韦思逊与廉梦妍的相识源于1946年10月下旬一个周末晚上,他在扁担巷口买豆浆夜宵,路过通往卫校后门的小巷时,听到女子呼救,进去一看,两个流氓正欲非礼一名女学生,他出手相救,击退流氓,救下的正是廉梦妍。
两人由此结识,每逢周末便相约在长江边货运码头僻静处见面,韦思逊换上常服,戴帽子遮掩身份。
随着交往深入,廉梦妍对他产生深厚感情,欲厮守终生。韦思逊也动了凡心,却放不下出家思维,提出:“我信奉菩萨,即便日后还俗有了家室,也忘不了佛祖,所以……”
廉梦妍心领神会,自此成为慈云寺女居士,信佛转变即源于此。
三年过去,廉梦妍临近毕业,两人商议未来。韦思逊表示,他要自筹婚事费用,无需女方出一分钱,计划还俗后开店,三年五年内攒够钱,婚后将店铺搬至上海经营。
两人山盟海誓,韦思逊拔出黑色匕首,一刀扎在身旁老树树干上:“韦思逊定要娶廉梦妍为妻,他日有违此誓,如同此树!”
廉梦妍亦立誓:“今生今世,永结同心;若有违背,甘愿终于血光之下!”
廉梦妍毕业回沪,将仁济医院地址告知韦思逊,两人通过书信互诉衷肠。
镇江解放后,韦思逊还俗开店,生意兴隆,计划提前实现。然而,今年春节后,廉梦妍来信告知已订婚,不久将举行婚礼。

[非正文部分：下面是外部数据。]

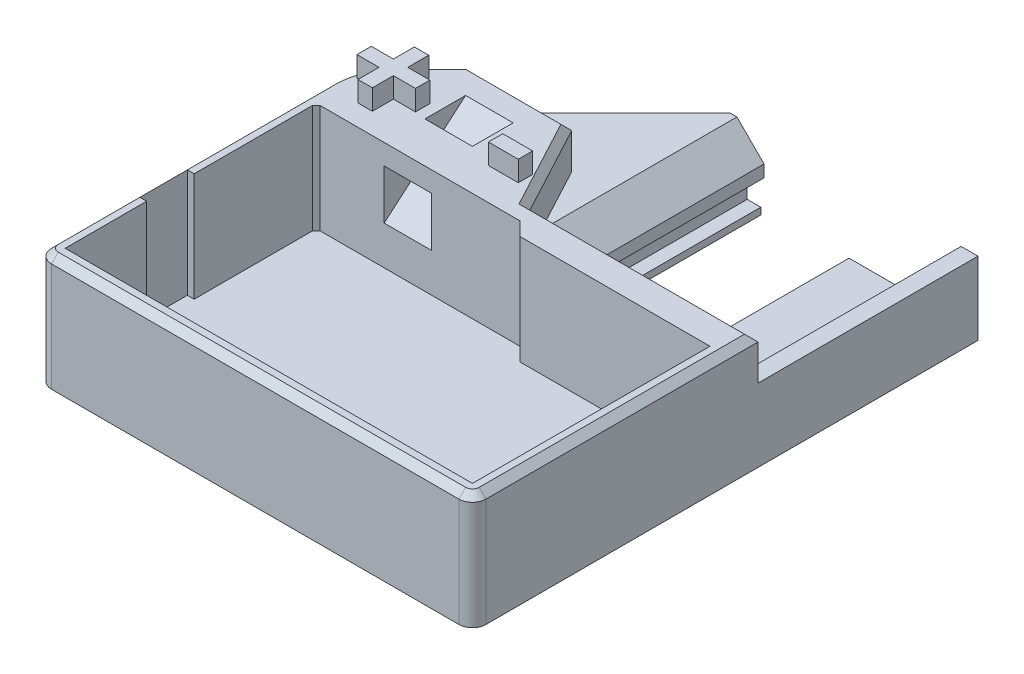
from build123d import *

# Parameters (mm, degrees)
SKETCH1_W           = 60
SKETCH1_H           = 75
BOSS_EXTRUDE1_DEPTH = 1
SKETCH2_W           = 64
SKETCH2_H           = 79
SKETCH2_W_2         = 60
SKETCH2_H_2         = 75
BOSS_EXTRUDE2_DEPTH = 17
SKETCH3_W           = 60
SKETCH3_H           = 40
BOSS_EXTRUDE3_DEPTH = 16
SKETCH4_W           = 1
SKETCH4_H           = 7
CUT_EXTRUDE1_DEPTH  = 16
CUT_LOFT2_START     = -20
CUT_LOFT2_DEPTH     = 7
SKETCH7_W           = 21.435869032
SKETCH7_H           = 2
CUT_EXTRUDE2_DEPTH  = 16
CHAMFER1_SIZE       = 10
CHAMFER2_SIZE       = 2
SKETCH9_W           = 30
SKETCH9_H           = 27.5
CUT_EXTRUDE3_DEPTH  = 14
SKETCH10_W          = 2
SKETCH10_H          = 2
BOSS_EXTRUDE5_DEPTH = 7
CUT_EXTRUDE4_DEPTH  = 54.602705156
FILLET1_R           = 10
FILLET2_R           = 10
FILLET3_R           = 2
SKETCH13_W          = 4.396153847
SKETCH13_H          = 2.116666667
BOSS_EXTRUDE7_DEPTH = 3
SKETCH14_W          = 15
SKETCH14_H          = 21.25
CUT_EXTRUDE5_DEPTH  = 52.809748118
CUT_EXTRUDE6_DEPTH  = 9
SKETCH16_W          = 15
SKETCH16_H          = 17.83101705
CUT_EXTRUDE7_DEPTH  = 54.602705156
BOSS_EXTRUDE8_REACH = 62.665
SKETCH18_W          = 40.424998059
SKETCH18_H          = 8.849345581
CUT_EXTRUDE8_DEPTH  = 54.602705156
CUT_EXTRUDE9_DEPTH  = 6.246782155
CHAMFER3_SIZE       = 1
CHAMFER4_SIZE       = 4
SKETCH20_W          = 2
SKETCH20_H          = 1
BOSS_EXTRUDE9_DEPTH = 26.984954309


# Read off the part's stored shape, not the designer's step: Cut-Loft2
# Some blends are built 0.0001 mm under size
with BuildPart() as part:
    # Sketch1 → Boss-Extrude1 (new body)
    with BuildSketch(Plane(origin=(0, 0, 0), x_dir=(1, 0, 0), z_dir=(0, 1, 0))):
        Rectangle(SKETCH1_W, SKETCH1_H)
    extrude(amount=BOSS_EXTRUDE1_DEPTH)

    # Sketch2 → Boss-Extrude2 (add)
    with BuildSketch(Plane.XZ):
        Rectangle(SKETCH2_W, SKETCH2_H)
        Rectangle(SKETCH2_W_2, SKETCH2_H_2, mode=Mode.SUBTRACT)
    extrude(amount=-BOSS_EXTRUDE2_DEPTH)

    # Sketch3 → Boss-Extrude3 (add)
    with BuildSketch(Plane(origin=(0, 1, 0), x_dir=(1, 0, 0), z_dir=(0, 1, 0))):
        with Locations((0, 17.5)):
            Rectangle(SKETCH3_W, SKETCH3_H)
    extrude(amount=BOSS_EXTRUDE3_DEPTH)

    # Sketch4 → Cut-Extrude1 (cut)
    with BuildSketch(Plane(origin=(0, 17, 0), x_dir=(1, 0, 0), z_dir=(0, 1, 0))):
        with Locations((-30.5, -22)):
            Rectangle(SKETCH4_W, SKETCH4_H)
    extrude(amount=-CUT_EXTRUDE1_DEPTH, mode=Mode.SUBTRACT)

    # Cut-Loft2 outline → Cut-Loft2 (cut)
    with BuildSketch(Plane.YZ.offset(CUT_LOFT2_START)):
        Polygon((17, -5.5), (13, 2.5), (5, 2.5), (17, -11.5), align=None)
    extrude(amount=CUT_LOFT2_DEPTH, mode=Mode.SUBTRACT)

    # Sketch7 → Cut-Extrude2 (cut)
    with BuildSketch(Plane(origin=(0, 17, 0), x_dir=(1, 0, 0), z_dir=(0, 1, 0))):
        with Locations((-10.717934516, -1.5)):
            Rectangle(SKETCH7_W, SKETCH7_H)
    extrude(amount=-CUT_EXTRUDE2_DEPTH, mode=Mode.SUBTRACT)

    # Chamfer1
    # the kernel refuses this chamfer: 10 mm, written as the material it takes off along each edge
    with BuildSketch(Plane(origin=(-21.435869032, 42.71682988, 2.5), x_dir=(-0.9996219169112968, 0, 0.02749587661058636), z_dir=(0, -1, 0))) as chamfer1_piece_1_section:
        Polygon((CHAMFER1_SIZE * 0.999621916911, CHAMFER1_SIZE * 0.0274958766106), (-CHAMFER1_SIZE * 0.0274958766106, CHAMFER1_SIZE * 0.999621916911), (0, 0), align=None)
    chamfer1_piece_1 = extrude(amount=41.71682988, mode=Mode.PRIVATE)
    chamfer1_piece_1 = split(chamfer1_piece_1, bisect_by=Plane(origin=(-30, 9, 1.507613822), z_dir=(1, 0, 0)), keep=Keep.TOP, mode=Mode.PRIVATE)
    chamfer1_piece_1 = split(chamfer1_piece_1, bisect_by=Plane(origin=(-25.679544331, 9, 0.5), z_dir=(0, 0, 1)), keep=Keep.TOP, mode=Mode.PRIVATE)
    add(chamfer1_piece_1, mode=Mode.SUBTRACT)

    # Chamfer2
    chamfer2_edges = [part.edges().sort_by_distance(p)[0] for p in [
        (0, 9, 2.5),
    ]]
    chamfer(chamfer2_edges, length=CHAMFER2_SIZE - 0.0001)  # a hair under: the kernel refuses the full size

    # Sketch9 → Cut-Extrude3 (cut)
    with BuildSketch(Plane(origin=(0, 17, 0), x_dir=(1, 0, 0), z_dir=(0, 1, 0))):
        with Locations((13, 21.75)):
            Rectangle(SKETCH9_W, SKETCH9_H)
    extrude(amount=-CUT_EXTRUDE3_DEPTH, mode=Mode.SUBTRACT)

    # Sketch10 → Boss-Extrude5 (add)
    with BuildSketch(Plane(origin=(0, 3, 0), x_dir=(1, 0, 0), z_dir=(0, 1, 0))):
        Polygon((-2, 23), (10, 23), (10, 8), (28, 8), (28, 35.5), (-2, 35.5), align=None)
        with Locations((-1, 9)):
            Rectangle(SKETCH10_W, SKETCH10_H)
    extrude(amount=BOSS_EXTRUDE5_DEPTH)

    # Sketch11 → Cut-Extrude4 (cut, through all)
    with BuildSketch(Plane(origin=(0, 17, 0), x_dir=(1, 0, 0), z_dir=(0, 1, 0))):
        Polygon((0, 39.5), (-32, 7.5), (-32, 39.5), align=None)
    extrude(amount=-CUT_EXTRUDE4_DEPTH, mode=Mode.SUBTRACT)

    # Fillet1
    fillet1_edges = [part.edges().sort_by_distance(p)[0] for p in [
        (-32, 8.5, -7.5),
    ]]
    fillet(fillet1_edges, radius=FILLET1_R)

    # Fillet2
    fillet2_edges = [part.edges().sort_by_distance(p)[0] for p in [
        (0, 8.5, -39.5),
    ]]
    fillet(fillet2_edges, radius=FILLET2_R)

    # Fillet3
    fillet3_edges = [part.edges().sort_by_distance(p)[0] for p in [
        (32, 8.5, -39.5),
        (-32, 8.5, 39.5),
        (32, 8.5, 39.5),
    ]]
    fillet(fillet3_edges, radius=FILLET3_R)

    # Sketch13 → Boss-Extrude7 (add)
    with BuildSketch(Plane(origin=(0, 17, 0), x_dir=(1, 0, 0), z_dir=(0, 1, 0))):
        Polygon((-26.96363203, 7.819559599), (-26.96363203, 10.913149343), (-24.846965364, 10.913149343), (-24.846965364, 7.819559599), (-21.590555107, 7.819559599), (-21.590555107, 5.702892932), (-24.846965364, 5.702892932), (-24.846965364, 2.609303189), (-26.96363203, 2.609303189), (-26.96363203, 5.702892932), (-30.220042287, 5.702892932), (-30.220042287, 7.819559599), align=None)
        with Locations((-7.180939722, 5.29584165)):
            Rectangle(SKETCH13_W, SKETCH13_H)
    extrude(amount=BOSS_EXTRUDE7_DEPTH)

    # Sketch14 → Cut-Extrude5 (cut, through all)
    with BuildSketch(Plane(origin=(0, 10, 0), x_dir=(1, 0, 0), z_dir=(0, 1, 0))):
        with Locations((5.5, 18.625)):
            Rectangle(SKETCH14_W, SKETCH14_H)
    extrude(amount=-CUT_EXTRUDE5_DEPTH, mode=Mode.SUBTRACT)

    # Sketch15 → Cut-Extrude6 (cut)
    with BuildSketch(Plane(origin=(0, 10, 0), x_dir=(1, 0, 0), z_dir=(0, 1, 0))):
        Polygon((-2, 29.25), (13, 29.25), (13, 8), (28, 8), (28, 35.5), (-2, 35.5), align=None)
    extrude(amount=-CUT_EXTRUDE6_DEPTH, mode=Mode.SUBTRACT)

    # Sketch16 → Cut-Extrude7 (cut, through all)
    with BuildSketch(Plane(origin=(0, 17, 0), x_dir=(1, 0, 0), z_dir=(0, 1, 0))):
        with BuildLine():
            Line((-2, 37.391398481), (-2, 35.5))
            Line((-2, 35.5), (13, 35.5))
            Line((13, 35.5), (28, 35.5))
            Line((28, 35.5), (28, 39.5))
            Line((28, 39.5), (4.142135624, 39.5))
            ThreePointArc((4.142135624, 39.5), (0.89513584, 38.958170669), (-2, 37.391398481))
        make_face()
        with BuildLine():
            Line((-2, 41.583442656), (-2, 37.391398481))
            ThreePointArc((-2, 37.391398481), (0.89513584, 38.958170669), (4.142135624, 39.5))
            Line((4.142135624, 39.5), (28, 39.5))
            Line((28, 39.5), (28, 41.583442656))
            Line((28, 41.583442656), (-2, 41.583442656))
        make_face()
        with Locations((5.5, 26.584491475)):
            Rectangle(SKETCH16_W, SKETCH16_H)
    extrude(amount=-CUT_EXTRUDE7_DEPTH, mode=Mode.SUBTRACT)

    # Boss-Extrude8: up to this face of the body (flat: up to its plane)
    boss_extrude8_end = Plane(part.part.faces().sort_by_distance((29, 8.5, -39.5))[0])
    # Sketch17 → Boss-Extrude8 (add, up to the picked face)
    with BuildSketch(Plane(origin=(0, 0, -8), x_dir=(-1, 0, 0), z_dir=(0, 0, -1)), mode=Mode.PRIVATE) as boss_extrude8_sk1:
        Polygon((-28, 2.5), (-25.515371071, 4.984628929), (-25.515371071, 10.753217845), (-28, 10.753217845), align=None)
    boss_extrude8_tool1 = split(extrude(boss_extrude8_sk1.sketch, amount=BOSS_EXTRUDE8_REACH, mode=Mode.PRIVATE), bisect_by=boss_extrude8_end, keep=Keep.BOTH, mode=Mode.PRIVATE)
    # Sketch17 → Boss-Extrude8 (add, up to the picked face)
    with BuildSketch(Plane(origin=(0, 0, -8), x_dir=(-1, 0, 0), z_dir=(0, 0, -1)), mode=Mode.PRIVATE) as boss_extrude8_sk2:
        Polygon((2, 2.5), (-0.484628929, 4.984628929), (-0.484628929, 10.753217845), (2, 10.753217845), align=None)
    boss_extrude8_tool2 = split(extrude(boss_extrude8_sk2.sketch, amount=BOSS_EXTRUDE8_REACH, mode=Mode.PRIVATE), bisect_by=boss_extrude8_end, keep=Keep.BOTH, mode=Mode.PRIVATE)
    add(boss_extrude8_tool1.solids().sort_by(Axis((26.831064, 7.211077, -8), (0, 0, -1)))[0])
    add(boss_extrude8_tool2.solids().sort_by(Axis((-0.831064, 7.211077, -8), (0, 0, -1)))[0])

    # Sketch18 → Cut-Extrude8 (cut, through all)
    with BuildSketch(Plane(origin=(0, 17, 0), x_dir=(1, 0, 0), z_dir=(0, 1, 0))):
        with Locations((11.787500971, 39.409627099)):
            Rectangle(SKETCH18_W, SKETCH18_H)
    extrude(amount=-CUT_EXTRUDE8_DEPTH, mode=Mode.SUBTRACT)

    # Sketch19 → Cut-Extrude9 (cut)
    with BuildSketch(Plane(origin=(0, 17, 0), x_dir=(1, 0, 0), z_dir=(0, 1, 0))):
        Polygon((28, 34.984954309), (28, 8), (-2, 8), (-2, 34.984954309), (-4.515045691, 34.984954309), (-23.671563877, 15.828436123), (-8.697697865, 15.828436123), (-4.515045691, 8), (-1.618603226, 2.578890647), (32, 2.578890647), (32, 34.984954309), align=None)
    extrude(amount=-CUT_EXTRUDE9_DEPTH, mode=Mode.SUBTRACT)

    # Chamfer3
    # the kernel refuses this chamfer: 1 mm, written as the material it takes off along each edge
    with BuildSketch(Plane(origin=(-21.853109397, 17, -17.646890603), x_dir=(0.7068394360706796, 0.02749587661058563, 0.7068394360706675), z_dir=(-0.7071067811865415, 0, 0.7071067811865536))) as chamfer3_piece_1:
        Polygon((CHAMFER3_SIZE * 0.999621916911, -CHAMFER3_SIZE * 0.0274958766106), (-CHAMFER3_SIZE * 0.0274958766106, -CHAMFER3_SIZE * 0.999621916911), (0, 0), align=None)
    extrude(amount=10.207734683, mode=Mode.SUBTRACT)
    with BuildSketch(Plane(origin=(-22, 17, -3.357864376), x_dir=(-0.7071067811865538, 0, -0.7071067811865412), z_dir=(0.7071067811865412, 0, -0.7071067811865538))) as chamfer3_piece_2_section:
        Polygon((10 - CHAMFER3_SIZE, 0), (10, -CHAMFER3_SIZE), (10, 0), align=None)
    chamfer3_piece_2 = revolve(axis=Axis((-22, 17, -3.357864376), (0, 1, 0)), revolution_arc=45, mode=Mode.PRIVATE)
    chamfer3_piece_2 = split(chamfer3_piece_2, bisect_by=Plane(origin=(-29.540972518, 16.686713644, -7.819559599), z_dir=(0, 0, -1)), keep=Keep.TOP, mode=Mode.PRIVATE)
    chamfer3_piece_2 = split(chamfer3_piece_2, bisect_by=Plane(origin=(-30.220042287, 16.686713644, -9.324246754), z_dir=(1, 0, 0)), keep=Keep.TOP, mode=Mode.PRIVATE)
    add(chamfer3_piece_2, mode=Mode.SUBTRACT)
    with BuildSketch(Plane(origin=(-22, 17, -3.357864376), x_dir=(-0.7071067811865538, 0, -0.7071067811865412), z_dir=(0.7071067811865412, 0, -0.7071067811865538))) as chamfer3_piece_3_section:
        Polygon((10 - CHAMFER3_SIZE, 0), (10, -CHAMFER3_SIZE), (10, 0), align=None)
    chamfer3_piece_3 = revolve(axis=Axis((-22, 17, -3.357864376), (0, 1, 0)), revolution_arc=45, mode=Mode.PRIVATE)
    chamfer3_piece_3 = split(chamfer3_piece_3, bisect_by=Plane(origin=(-30.497975993, 16.585042802, -7.819559599), z_dir=(0, 0, -1)), keep=Keep.TOP, mode=Mode.PRIVATE)
    chamfer3_piece_3 = split(chamfer3_piece_3, bisect_by=Plane(origin=(-30.220042287, 16.585042802, -8.286119393), z_dir=(-1, 0, 0)), keep=Keep.TOP, mode=Mode.PRIVATE)
    add(chamfer3_piece_3, mode=Mode.SUBTRACT)
    with BuildSketch(Plane(origin=(-22, 17, -3.357864376), x_dir=(-0.7071067811865538, 0, -0.7071067811865412), z_dir=(0.7071067811865412, 0, -0.7071067811865538))) as chamfer3_piece_4_section:
        Polygon((10 - CHAMFER3_SIZE, 0), (10, -CHAMFER3_SIZE), (10, 0), align=None)
    chamfer3_piece_4 = revolve(axis=Axis((-22, 17, -3.357864376), (0, 1, 0)), revolution_arc=45, mode=Mode.PRIVATE)
    chamfer3_piece_4 = split(chamfer3_piece_4, bisect_by=Plane(origin=(-31.314504081, 16.6678644, -7.819559599), z_dir=(0, 0, 1)), keep=Keep.TOP, mode=Mode.PRIVATE)
    chamfer3_piece_4 = split(chamfer3_piece_4, bisect_by=Plane(origin=(-30.220042287, 16.6678644, -5.613397868), z_dir=(-1, 0, 0)), keep=Keep.TOP, mode=Mode.PRIVATE)
    add(chamfer3_piece_4, mode=Mode.SUBTRACT)
    with BuildSketch(Plane(origin=(30, 17, 39.5), x_dir=(0, 0.02749587661058555, -0.9996219169112968), z_dir=(-1, 0, 0))) as chamfer3_piece_5:
        Polygon((CHAMFER3_SIZE * 0.999621916911, CHAMFER3_SIZE * 0.0274958766106), (-CHAMFER3_SIZE * 0.0274958766106, CHAMFER3_SIZE * 0.999621916911), (0, 0), align=None)
    extrude(amount=60, mode=Mode.SUBTRACT)
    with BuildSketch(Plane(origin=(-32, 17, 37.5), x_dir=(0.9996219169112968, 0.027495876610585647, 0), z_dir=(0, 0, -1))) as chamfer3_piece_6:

韦思逊如遭雷击,多次写信挽回,廉梦妍不为所动。
上月,他寄出最后一封信,直言两人曾以黑色匕首立誓,半月后收到回信,廉梦妍嘲笑:“都什么时代了,还相信这一套?你傻不傻!”
韦思逊恼羞成怒,决定用行动兑现誓言。
1953年4月19日,韦思逊在“大得咖喱馆”张贴告示,称“因原料断档停止营业两天”,员工放假,他则搭乘火车潜赴上海。
当晚抵达复兴中路同裕坊61号,用黑色匕首捅开门户入内,趁廉梦妍熟睡时一刀刺中心肺,致其死亡。
他有意留下凶刀,作为誓言见证,认为其来路无人知晓,警方难以追查。为转移视线,他翻找现金及值钱之物,带走所谓“南宋玉杯”。
侦查员对“大得咖喱馆”进行搜查,果然找到那对仿古瓷器“南宋玉杯”。
至此,“4·20”命案真相大白,韦思逊的动机源于情感背叛引发的仇杀。
1953年9月27日,韦思逊被判处死刑,立即执行。